**INSTRUCTIONS TO FOLLOW**
Write every record out again exactly, and keep images out of it.

--

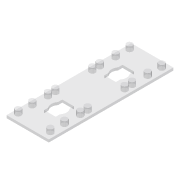
# Autodesk Inventor part: 00_FluidicChip_AlexSwen
Saved by Autodesk Inventor 2019 (Build 230136000, 136)
## iProperties
Created: 2019-07-01
Part Number: 00_FluidicChip_AlexSwen
Material: Generic
Document SubType Name: Modeling
Designer: diederichbenedict
Density: 1 g/cm^3
Appearance: Polycarbonate - Clear
Author: diederichbenedict
Autodesk Inventor part; units mm, degrees
ref_plane "YZ Plane" through (0, 0, 0) normal (1, 0, 0) x (0, 1, 0)
ref_plane "XZ Plane" through (0, 0, 0) normal (0, 1, 0) x (-1, 0, 0)
ref_plane "XY Plane" through (0, 0, 0) normal (0, 0, 1) x (1, 0, 0)
sketch "Sketch1" plane through (0, 0, 0) normal (0, 1, 0) x (-1, 0, 0)
  line L0 (0, 0) -> (25.5, 0)
  line L1 (25.5, 0) -> (25.5, -75.4)
  line L2 (25.5, -75.4) -> (0, -75.4)
  line L3 (0, -75.4) -> (0, 0)
  dimension "d0" = 25.5
  dimension "d1" = 75.4
  constraints: 8 end point, 2 parallel, 1 horizontal, 1 perpendicular
  measures "d0" distance of L1.end L2.end
  measures "d1" distance of L0.end L1.end
extrude "Extrusion1" add sketch "Sketch1" along normal blind 1.6
sketch "Sketch2" plane through (0, 1.6, 0) normal (0, 1, 0) x (1, 0, 0)
  line L0 (-25.5, 0) -> (0, 0) projected
  line L1 (0, 0) -> (0, 75.4) projected
  line L2 (0, 75.4) -> (-25.5, 75.4) projected
  line L3 (-25.5, 75.4) -> (-25.5, 0) projected
  circle A0 centre (-22.5, 71.4) radius 1.75
  circle A1 centre (-22.5, 62.9) radius 1.75
  circle A2 centre (-22.5, 53.4) radius 1.75
  circle A3 centre (-22.5, 48.9) radius 1.75
  line L4 (-25.5, 0) -> (0, 0) construction
  line L5 (-12.75, 0) -> (-12.75, 75.4) construction
  line L6 (0, 75.4) -> (-25.5, 75.4) construction
  line L7 (-25.5, 75.4) -> (-25.5, 0) construction
  line L8 (-25.5, 37.7) -> (0, 37.7) construction
  circle A4 centre (-3, 71.4) radius 1.75
  circle A5 centre (-3, 62.9) radius 1.75
  circle A6 centre (-3, 53.4) radius 1.75
  circle A7 centre (-3, 48.9) radius 1.75
  circle A8 centre (-22.5, 4) radius 1.75
  circle A9 centre (-22.5, 12.5) radius 1.75
  circle A10 centre (-22.5, 22) radius 1.75
  circle A11 centre (-22.5, 26.5) radius 1.75
  circle A12 centre (-3, 22) radius 1.75
  circle A13 centre (-3, 12.5) radius 1.75
  circle A14 centre (-3, 4) radius 1.75
  circle A15 centre (-3, 26.5) radius 1.75
  dimension "d4" = 3.5
  dimension "d5" = 3
  dimension "d6" = 4
  dimension "d7" = 3.5
  dimension "d8" = 12.5
  dimension "d9" = 3.5
  dimension "d10" = 22
  dimension "d11" = 3.5
  dimension "d12" = 26.5
  constraints: 16 centre point, 12 symmetric about line, 4 end point, 4 midpoint, 12 other
  measures "d4" diameter of A0
  measures "d5" distance from line of A0.centre L3
  measures "d6" distance from line of A0.centre L2
  measures "d7" diameter of A1
  measures "d8" distance from line of L2 A1.centre
  measures "d9" diameter of A2
  measures "d10" distance from line of L2 A2.centre
  measures "d11" diameter of A3
  measures "d12" distance from line of A3.centre L2
extrude "Extrusion2" add sketch "Sketch2" along normal blind 3 contours A0 | A1 | A2 | A3 | A4 | A5 | A6 | A7 | A8 | A9 | A10 | A11 | A12 | A13 | A14 | A15
sketch "Sketch3" plane through (0, 1.6, 0) normal (0, 1, 0) x (1, 0, 0)
  circle A0 centre (-22.5, 4) radius 1.75 projected
  circle A1 centre (-22.5, 12.5) radius 1.75 projected
  circle A2 centre (-22.5, 22) radius 1.75 projected
  circle A3 centre (-22.5, 26.5) radius 1.75 projected
  circle A4 centre (-3, 71.4) radius 1.75 projected
  circle A5 centre (-3, 53.4) radius 1.75 projected
  circle A6 centre (-22.5, 53.4) radius 1.75 projected
  circle A7 centre (-22.5, 71.4) radius 1.75 projected
  circle A8 centre (-22.5, 62.9) radius 1.75 projected
  circle A9 centre (-22.5, 48.9) radius 1.75 projected
  circle A10 centre (-3, 62.9) radius 1.75 projected
  circle A11 centre (-3, 48.9) radius 1.75 projected
  circle A12 centre (-3, 26.5) radius 1.75 projected
  circle A13 centre (-3, 22) radius 1.75 projected
  circle A14 centre (-3, 12.5) radius 1.75 projected
  circle A15 centre (-3, 4) radius 1.75 projected
  line L0 (-25.5, 0) -> (0, 0) projected
  line L1 (0, 0) -> (0, 75.4) projected
  line L2 (0, 75.4) -> (-25.5, 75.4) projected
  line L3 (-25.5, 75.4) -> (-25.5, 0) projected
  line L4 (-16.8, 61.4) -> (-9.8, 61.4)
  line L5 (-9.8, 61.4) -> (-9.8, 50.4)
  line L6 (-9.8, 50.4) -> (-16.8, 50.4)
  line L7 (-16.8, 50.4) -> (-16.8, 61.4)
  line L8 (-25.5, 0) -> (-25.5, 75.4) projected
  line L9 (-25.5, 37.7) -> (0, 37.7)
  line L10 (0, 75.4) -> (0, 0) projected
  line L11 (-16.8, 14) -> (-9.8, 14)
  line L12 (-9.8, 14) -> (-9.8, 25)
  line L13 (-9.8, 25) -> (-16.8, 25)
  line L14 (-16.8, 25) -> (-16.8, 14)
  circle A16 centre (-13.3, 55.9) radius 4.511
  circle A17 centre (-13.3, 19.5) radius 4.5729
  dimension "d15" = 7
  dimension "d16" = 11
  dimension "d17" = 14
  dimension "d18" = 8.7
  constraints: 18 end point, 4 symmetric about line, 2 centre point, 2 midpoint, 2 parallel, 1 horizontal, 1 perpendicular
  measures "d15" distance of L5.end L6.end
  measures "d16" distance of L4.end L5.end
  measures "d17" distance between parallel lines of L4 L2
  measures "d18" distance between parallel lines of L7 L3
extrude "Extrusion3" cut sketch "Sketch3" against normal blind 3 contours L4 L5 A16 L7 | A16 L5 L7 | L7 A16 | A16 L5 | A16 L5 L6 L7 | L14 A17 L12 L11 | A17 L14 | L14 A17 L12 | L12 A17 | L14 L13 L12 A17
body "Solid1"

--

**WRITTEN RESPONSE**
# Autodesk Inventor part: 00_FluidicChip_AlexSwen
Saved by Autodesk Inventor 2019 (Build 230136000, 136)
## iProperties
Created: 2019-07-01
Part Number: 00_FluidicChip_AlexSwen
Material: Generic
Document SubType Name: Modeling
Designer: diederichbenedict
Density: 1 g/cm^3
Appearance: Polycarbonate - Clear
Author: diederichbenedict
Autodesk Inventor part; units mm, degrees
ref_plane "YZ Plane" through (0, 0, 0) normal (1, 0, 0) x (0, 1, 0)
ref_plane "XZ Plane" through (0, 0, 0) normal (0, 1, 0) x (-1, 0, 0)
ref_plane "XY Plane" through (0, 0, 0) normal (0, 0, 1) x (1, 0, 0)
sketch "Sketch1" plane through (0, 0, 0) normal (0, 1, 0) x (-1, 0, 0)
  line L0 (0, 0) -> (25.5, 0)
  line L1 (25.5, 0) -> (25.5, -75.4)
  line L2 (25.5, -75.4) -> (0, -75.4)
  line L3 (0, -75.4) -> (0, 0)
  dimension "d0" = 25.5
  dimension "d1" = 75.4
  constraints: 8 end point, 2 parallel, 1 horizontal, 1 perpendicular
  measures "d0" distance of L1.end L2.end
  measures "d1" distance of L0.end L1.end
extrude "Extrusion1" add sketch "Sketch1" along normal blind 1.6
sketch "Sketch2" plane through (0, 1.6, 0) normal (0, 1, 0) x (1, 0, 0)
  line L0 (-25.5, 0) -> (0, 0) projected
  line L1 (0, 0) -> (0, 75.4) projected
  line L2 (0, 75.4) -> (-25.5, 75.4) projected
  line L3 (-25.5, 75.4) -> (-25.5, 0) projected
  circle A0 centre (-22.5, 71.4) radius 1.75
  circle A1 centre (-22.5, 62.9) radius 1.75
  circle A2 centre (-22.5, 53.4) radius 1.75
  circle A3 centre (-22.5, 48.9) radius 1.75
  line L4 (-25.5, 0) -> (0, 0) construction
  line L5 (-12.75, 0) -> (-12.75, 75.4) construction
  line L6 (0, 75.4) -> (-25.5, 75.4) construction
  line L7 (-25.5, 75.4) -> (-25.5, 0) construction
  line L8 (-25.5, 37.7) -> (0, 37.7) construction
  circle A4 centre (-3, 71.4) radius 1.75
  circle A5 centre (-3, 62.9) radius 1.75
  circle A6 centre (-3, 53.4) radius 1.75
  circle A7 centre (-3, 48.9) radius 1.75
  circle A8 centre (-22.5, 4) radius 1.75
  circle A9 centre (-22.5, 12.5) radius 1.75
  circle A10 centre (-22.5, 22) radius 1.75
  circle A11 centre (-22.5, 26.5) radius 1.75
  circle A12 centre (-3, 22) radius 1.75
  circle A13 centre (-3, 12.5) radius 1.75
  circle A14 centre (-3, 4) radius 1.75
  circle A15 centre (-3, 26.5) radius 1.75
  dimension "d4" = 3.5
  dimension "d5" = 3
  dimension "d6" = 4
  dimension "d7" = 3.5
  dimension "d8" = 12.5
  dimension "d9" = 3.5
  dimension "d10" = 22
  dimension "d11" = 3.5
  dimension "d12" = 26.5
  constraints: 16 centre point, 12 symmetric about line, 4 end point, 4 midpoint, 12 other
  measures "d4" diameter of A0
  measures "d5" distance from line of A0.centre L3
  measures "d6" distance from line of A0.centre L2
  measures "d7" diameter of A1
  measures "d8" distance from line of L2 A1.centre
  measures "d9" diameter of A2
  measures "d10" distance from line of L2 A2.centre
  measures "d11" diameter of A3
  measures "d12" distance from line of A3.centre L2
extrude "Extrusion2" add sketch "Sketch2" along normal blind 3 contours A0 | A1 | A2 | A3 | A4 | A5 | A6 | A7 | A8 | A9 | A10 | A11 | A12 | A13 | A14 | A15
sketch "Sketch3" plane through (0, 1.6, 0) normal (0, 1, 0) x (1, 0, 0)
  circle A0 centre (-22.5, 4) radius 1.75 projected
  circle A1 centre (-22.5, 12.5) radius 1.75 projected
  circle A2 centre (-22.5, 22) radius 1.75 projected
  circle A3 centre (-22.5, 26.5) radius 1.75 projected
  circle A4 centre (-3, 71.4) radius 1.75 projected
  circle A5 centre (-3, 53.4) radius 1.75 projected
  circle A6 centre (-22.5, 53.4) radius 1.75 projected
  circle A7 centre (-22.5, 71.4) radius 1.75 projected
  circle A8 centre (-22.5, 62.9) radius 1.75 projected
  circle A9 centre (-22.5, 48.9) radius 1.75 projected
  circle A10 centre (-3, 62.9) radius 1.75 projected
  circle A11 centre (-3, 48.9) radius 1.75 projected
  circle A12 centre (-3, 26.5) radius 1.75 projected
  circle A13 centre (-3, 22) radius 1.75 projected
  circle A14 centre (-3, 12.5) radius 1.75 projected
  circle A15 centre (-3, 4) radius 1.75 projected
  line L0 (-25.5, 0) -> (0, 0) projected
  line L1 (0, 0) -> (0, 75.4) projected
  line L2 (0, 75.4) -> (-25.5, 75.4) projected
  line L3 (-25.5, 75.4) -> (-25.5, 0) projected
  line L4 (-16.8, 61.4) -> (-9.8, 61.4)
  line L5 (-9.8, 61.4) -> (-9.8, 50.4)
  line L6 (-9.8, 50.4) -> (-16.8, 50.4)
  line L7 (-16.8, 50.4) -> (-16.8, 61.4)
  line L8 (-25.5, 0) -> (-25.5, 75.4) projected
  line L9 (-25.5, 37.7) -> (0, 37.7)
  line L10 (0, 75.4) -> (0, 0) projected
  line L11 (-16.8, 14) -> (-9.8, 14)
  line L12 (-9.8, 14) -> (-9.8, 25)
  line L13 (-9.8, 25) -> (-16.8, 25)
  line L14 (-16.8, 25) -> (-16.8, 14)
  circle A16 centre (-13.3, 55.9) radius 4.511
  circle A17 centre (-13.3, 19.5) radius 4.5729
  dimension "d15" = 7
  dimension "d16" = 11
  dimension "d17" = 14
  dimension "d18" = 8.7
  constraints: 18 end point, 4 symmetric about line, 2 centre point, 2 midpoint, 2 parallel, 1 horizontal, 1 perpendicular
  measures "d15" distance of L5.end L6.end
  measures "d16" distance of L4.end L5.end
  measures "d17" distance between parallel lines of L4 L2
  measures "d18" distance between parallel lines of L7 L3
extrude "Extrusion3" cut sketch "Sketch3" against normal blind 3 contours L4 L5 A16 L7 | A16 L5 L7 | L7 A16 | A16 L5 | A16 L5 L6 L7 | L14 A17 L12 L11 | A17 L14 | L14 A17 L12 | L12 A17 | L14 L13 L12 A17
body "Solid1"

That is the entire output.